» INSTRUCTIONS TO FOLLOW:
Bring together every line in the data that includes "Polygon".

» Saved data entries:
---+---

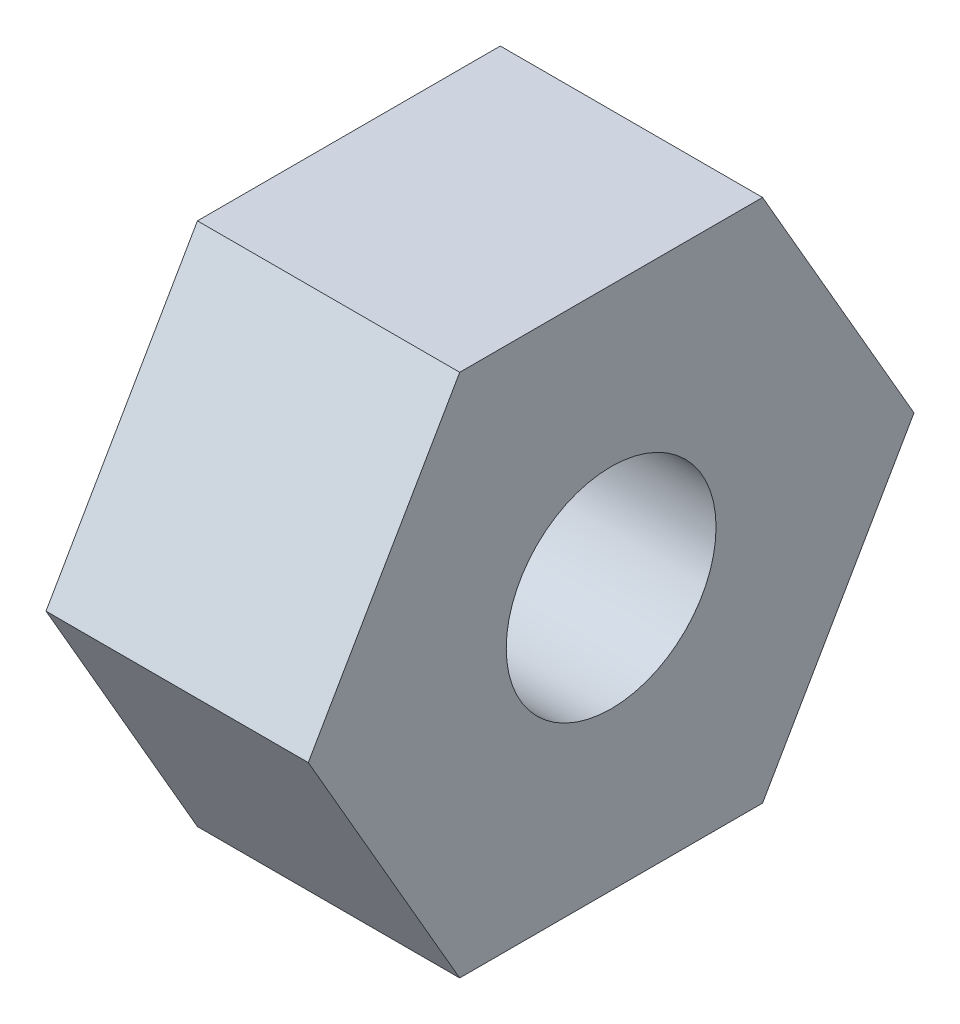
from build123d import *

# Parameters (mm, degrees)
BOSS_EXTRUDE1_DEPTH = 5
SKETCH4_R           = 2
CUT_EXTRUDE1_DEPTH  = 10.128709292


with BuildPart() as part:
    # Sketch1 → Boss-Extrude1 (new body)
    with BuildSketch(Plane(origin=(0, 0, 0), x_dir=(0, 0, -1), z_dir=(1, 0, 0))):
        Polygon((5.773502692, 0), (2.886751346, 5), (-2.886751346, 5), (-5.773502692, 0), (-2.886751346, -5), (2.886751346, -5), align=None)
    extrude(amount=BOSS_EXTRUDE1_DEPTH)

    # Sketch4 → Cut-Extrude1 (cut, through all)
    with BuildSketch(Plane.ZY):
        Circle(SKETCH4_R)
    extrude(amount=-CUT_EXTRUDE1_DEPTH, mode=Mode.SUBTRACT)


solid = part.part
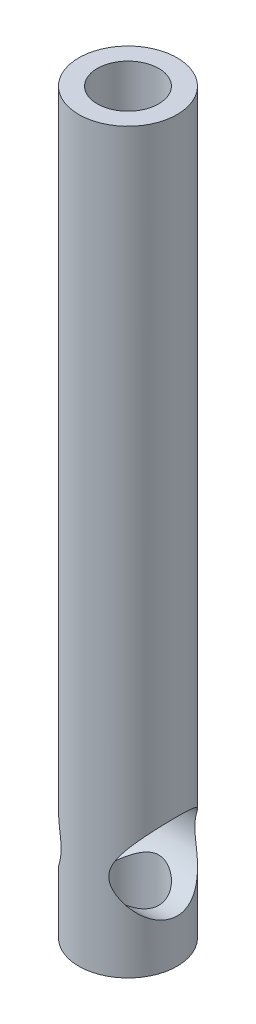
from build123d import *

# Parameters (mm, degrees)
SKETCH1_R                           = 20
SKETCH1_R_2                         = 12.5
BOSS_EXTRUDE1_DEPTH                 = 300
CUT_EXTRUDE1_REACH                  = 303.33
CUT_EXTRUDE1_END_RADIUS             = 20
SKETCH2_R                           = 17.5
CUT_EXTRUDE1_DIRECTION_2_REACH      = 303.33
CUT_EXTRUDE1_DIRECTION_2_END_RADIUS = 20


with BuildPart() as part:
    # Sketch1 → Boss-Extrude1 (new body)
    with BuildSketch(Plane(origin=(0, 0, 0), x_dir=(1, 0, 0), z_dir=(0, 1, 0))):
        with Locations(Location((0, 0, 0), (0, 0, 270))):
            Circle(SKETCH1_R)
        with Locations(Location((0, 0, 0), (0, 0, 270))):
            Circle(SKETCH1_R_2, mode=Mode.SUBTRACT)
    extrude(amount=BOSS_EXTRUDE1_DEPTH)

    # Cut-Extrude1: up to this cylinder (the profile starts inside it)
    cut_extrude1_end = Plane(origin=(0, 35.217075, 0), z_dir=(0, -1, 0)) * Cylinder(CUT_EXTRUDE1_END_RADIUS, 647.66, mode=Mode.PRIVATE)
    # Sketch2 → Cut-Extrude1 (cut, up to the surface)
    with BuildSketch(Plane(origin=(0, 0, 0), x_dir=(0, 0, -1), z_dir=(1, 0, 0)), mode=Mode.PRIVATE) as cut_extrude1_sk1:
        with Locations((0, 35.217075193)):
            Circle(SKETCH2_R)
    cut_extrude1_tool1 = extrude(cut_extrude1_sk1.sketch, amount=-CUT_EXTRUDE1_REACH, mode=Mode.PRIVATE) & cut_extrude1_end
    add(cut_extrude1_tool1.solids().sort_by_distance((0, 35.217075, 0))[0], mode=Mode.SUBTRACT)

    # Cut-Extrude1 direction 2: up to this cylinder (the profile starts inside it)
    cut_extrude1_direction_2_end = Plane(origin=(0, 35.217075, 0), z_dir=(0, -1, 0)) * Cylinder(CUT_EXTRUDE1_DIRECTION_2_END_RADIUS, 647.66, mode=Mode.PRIVATE)
    # Sketch2 → Cut-Extrude1 direction 2 (cut, up to the surface)
    with BuildSketch(Plane(origin=(0, 0, 0), x_dir=(0, 0, -1), z_dir=(1, 0, 0)), mode=Mode.PRIVATE) as cut_extrude1_direction_2_sk1:
        with Locations((0, 35.217075193)):
            Circle(SKETCH2_R)
    cut_extrude1_direction_2_tool1 = extrude(cut_extrude1_direction_2_sk1.sketch, amount=CUT_EXTRUDE1_DIRECTION_2_REACH, mode=Mode.PRIVATE) & cut_extrude1_direction_2_end
    add(cut_extrude1_direction_2_tool1.solids().sort_by_distance((0, 35.217075, 0))[0], mode=Mode.SUBTRACT)


solid = part.part
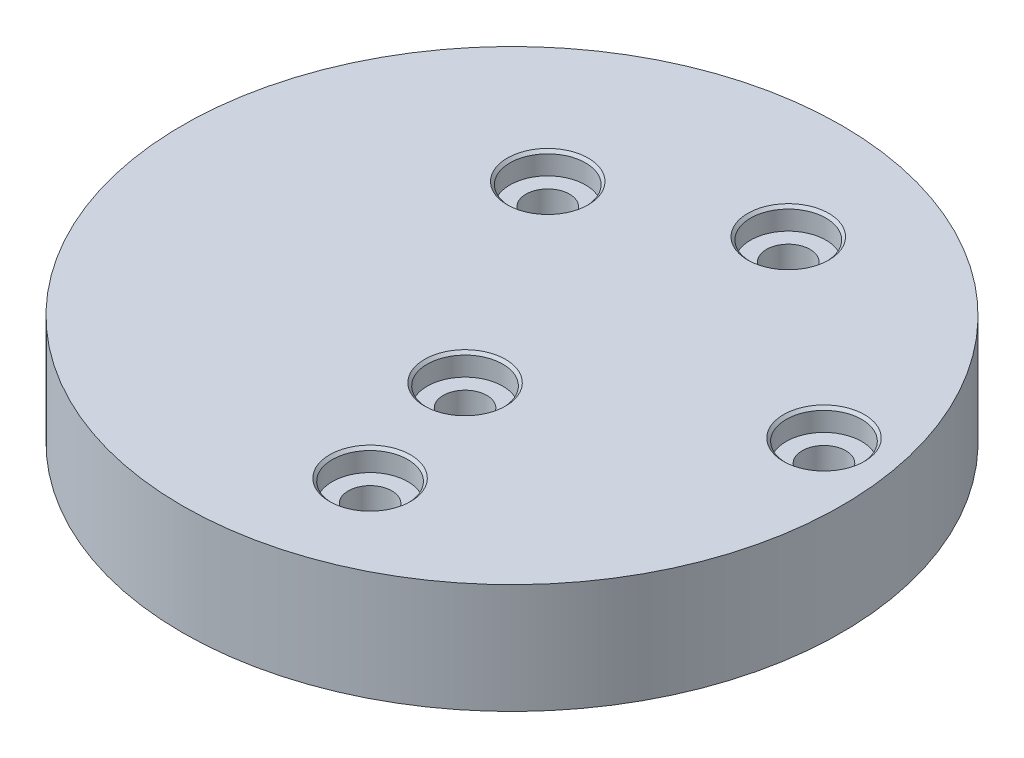
from build123d import *

# Parameters (mm, degrees)
SKETCH1_R                                     = 76.2
BOSS_EXTRUDE1_DEPTH                           = 25.4
CBORE_FOR_3_8_BUTTON_HEAD_CAP_SCREW1_AT_COUNT = 2
CBORE_FOR_3_8_BUTTON_HEAD_CAP_SCREW1_AT_PITCH = 75.078270051
CBORE_FOR_3_8_BUTTON_HEAD_CAP_SCREW1_2_COUNT  = 2
CBORE_FOR_3_8_BUTTON_HEAD_CAP_SCREW1_2_PITCH  = 60.736241383
CBORE_FOR_3_8_BUTTON_HEAD_CAP_SCREW1_3_COUNT  = 2
CBORE_FOR_3_8_BUTTON_HEAD_CAP_SCREW1_3_PITCH  = 85.541398896
CBORE_FOR_3_8_BUTTON_HEAD_CAP_SCREW1_4_COUNT  = 2
CBORE_FOR_3_8_BUTTON_HEAD_CAP_SCREW1_4_PITCH  = 57.302034519


with BuildPart() as part:
    # Sketch1 → Boss-Extrude1 (new body)
    with BuildSketch(Plane(origin=(0, 0, 0), x_dir=(1, 0, 0), z_dir=(0, 1, 0))):
        with Locations(Location((0, 0, 0), (0, 0, 270))):
            Circle(SKETCH1_R)
    extrude(amount=-BOSS_EXTRUDE1_DEPTH)

    # Sketch4 → CBORE for 3/8 Button Head Cap Screw1 (revolve, cut)
    with BuildSketch(Plane(origin=(60.58130803, 0, -11.552884304), x_dir=(0, 0, 1), z_dir=(1, 0, 0))):
        Polygon((0, 0), (0, 25.4), (5.0419, 25.4), (5.0419, 5.0546), (8.73125, 5.0546), (8.73125, 0.635), (9.36625, 0), align=None)
    cbore_for_3_8_button_head_cap_screw1 = revolve(axis=Axis((60.58130803, 6.35, -11.552884304), (0, -1, 0)), mode=Mode.SUBTRACT)

    # CBORE for 3/8 Button Head Cap Screw1 at: CBORE for 3/8 Button Head Cap Screw1 ×2
    with Locations(*[Vector(-0.5918446125142773, 0, 0.8060520793582913) * (i * CBORE_FOR_3_8_BUTTON_HEAD_CAP_SCREW1_AT_PITCH) for i in range(1, CBORE_FOR_3_8_BUTTON_HEAD_CAP_SCREW1_AT_COUNT)]):
        add(cbore_for_3_8_button_head_cap_screw1, mode=Mode.SUBTRACT)

    # CBORE for 3_8 Button Head Cap Screw1 2: CBORE for 3/8 Button Head Cap Screw1 ×2
    with Locations(*[Vector(-0.8654863573421582, 0, 0.5009324957063599) * (i * CBORE_FOR_3_8_BUTTON_HEAD_CAP_SCREW1_2_PITCH) for i in range(1, CBORE_FOR_3_8_BUTTON_HEAD_CAP_SCREW1_2_COUNT)]):
        add(cbore_for_3_8_button_head_cap_screw1, mode=Mode.SUBTRACT)

    # CBORE for 3_8 Button Head Cap Screw1 3: CBORE for 3/8 Button Head Cap Screw1 ×2
    with Locations(*[Vector(-0.9738464853959384, 0, -0.22720700447384592) * (i * CBORE_FOR_3_8_BUTTON_HEAD_CAP_SCREW1_3_PITCH) for i in range(1, CBORE_FOR_3_8_BUTTON_HEAD_CAP_SCREW1_3_COUNT)]):
        add(cbore_for_3_8_button_head_cap_screw1, mode=Mode.SUBTRACT)

    # CBORE for 3_8 Button Head Cap Screw1 4: CBORE for 3/8 Button Head Cap Screw1 ×2
    with Locations(*[Vector(-0.7754466315152058, 0, -0.6314131149031676) * (i * CBORE_FOR_3_8_BUTTON_HEAD_CAP_SCREW1_4_PITCH) for i in range(1, CBORE_FOR_3_8_BUTTON_HEAD_CAP_SCREW1_4_COUNT)]):
        add(cbore_for_3_8_button_head_cap_screw1, mode=Mode.SUBTRACT)


solid = part.part
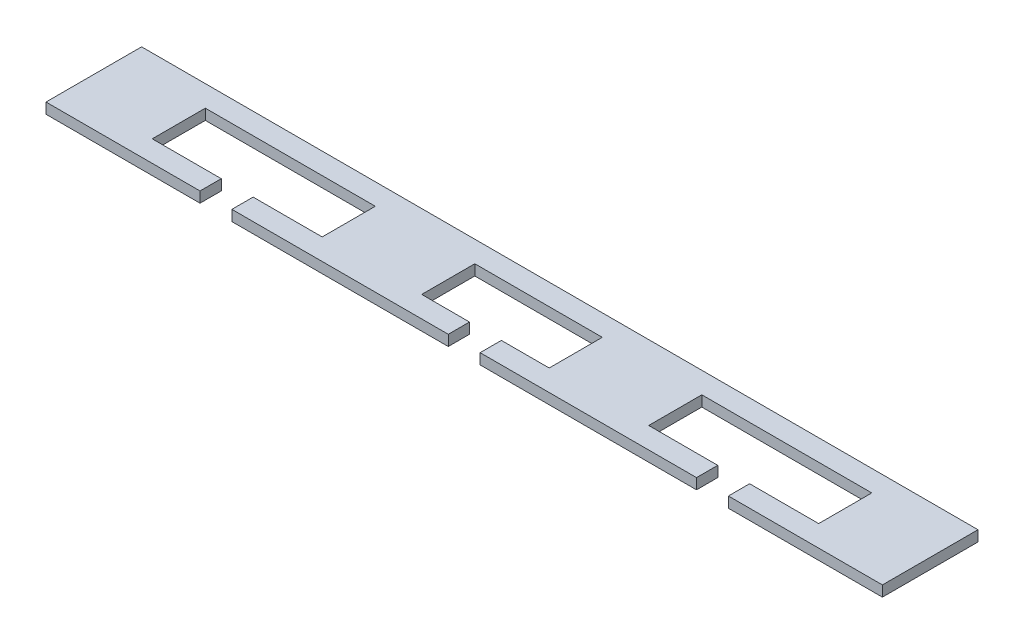
from build123d import *

# Parameters (mm, degrees)
BOSS_EXTRUDE1_DEPTH = 12.7


with BuildPart() as part:
    # Sketch1 → Boss-Extrude1 (new body)
    with BuildSketch(Plane(origin=(0, 0, 0), x_dir=(1, 0, 0), z_dir=(0, 1, 0))):
        Polygon((0, 0), (0, 114.3), (1000.00054, 114.3), (1000.00054, 0), (815.85054, 0), (815.85054, 25.4), (898.40054, 25.4), (898.40054, 88.9), (695.20054, 88.9), (695.20054, 25.4), (777.75054, 25.4), (777.75054, 0), (550.80027, 0), (519.05027, 0), (519.05027, 25.4), (576.20027, 25.4), (576.20027, 88.9), (423.80027, 88.9), (423.80027, 25.4), (480.95027, 25.4), (480.95027, 0), (449.20027, 0), (222.25, 0), (222.25, 25.4), (304.8, 25.4), (304.8, 88.9), (101.6, 88.9), (101.6, 25.4), (184.15, 25.4), (184.15, 0), align=None)
    extrude(amount=BOSS_EXTRUDE1_DEPTH)


solid = part.part

---+---

» EXPECTED OUTPUT:
        Polygon((5.773502692, 0), (2.886751346, 5), (-2.886751346, 5), (-5.773502692, 0), (-2.886751346, -5), (2.886751346, -5), align=None)
        Polygon((0, 0), (0, 25.4), (5.0419, 25.4), (5.0419, 5.0546), (8.73125, 5.0546), (8.73125, 0.635), (9.36625, 0), align=None)
        Polygon((0, 0), (0, 114.3), (1000.00054, 114.3), (1000.00054, 0), (815.85054, 0), (815.85054, 25.4), (898.40054, 25.4), (898.40054, 88.9), (695.20054, 88.9), (695.20054, 25.4), (777.75054, 25.4), (777.75054, 0), (550.80027, 0), (519.05027, 0), (519.05027, 25.4), (576.20027, 25.4), (576.20027, 88.9), (423.80027, 88.9), (423.80027, 25.4), (480.95027, 25.4), (480.95027, 0), (449.20027, 0), (222.25, 0), (222.25, 25.4), (304.8, 25.4), (304.8, 88.9), (101.6, 88.9), (101.6, 25.4), (184.15, 25.4), (184.15, 0), align=None)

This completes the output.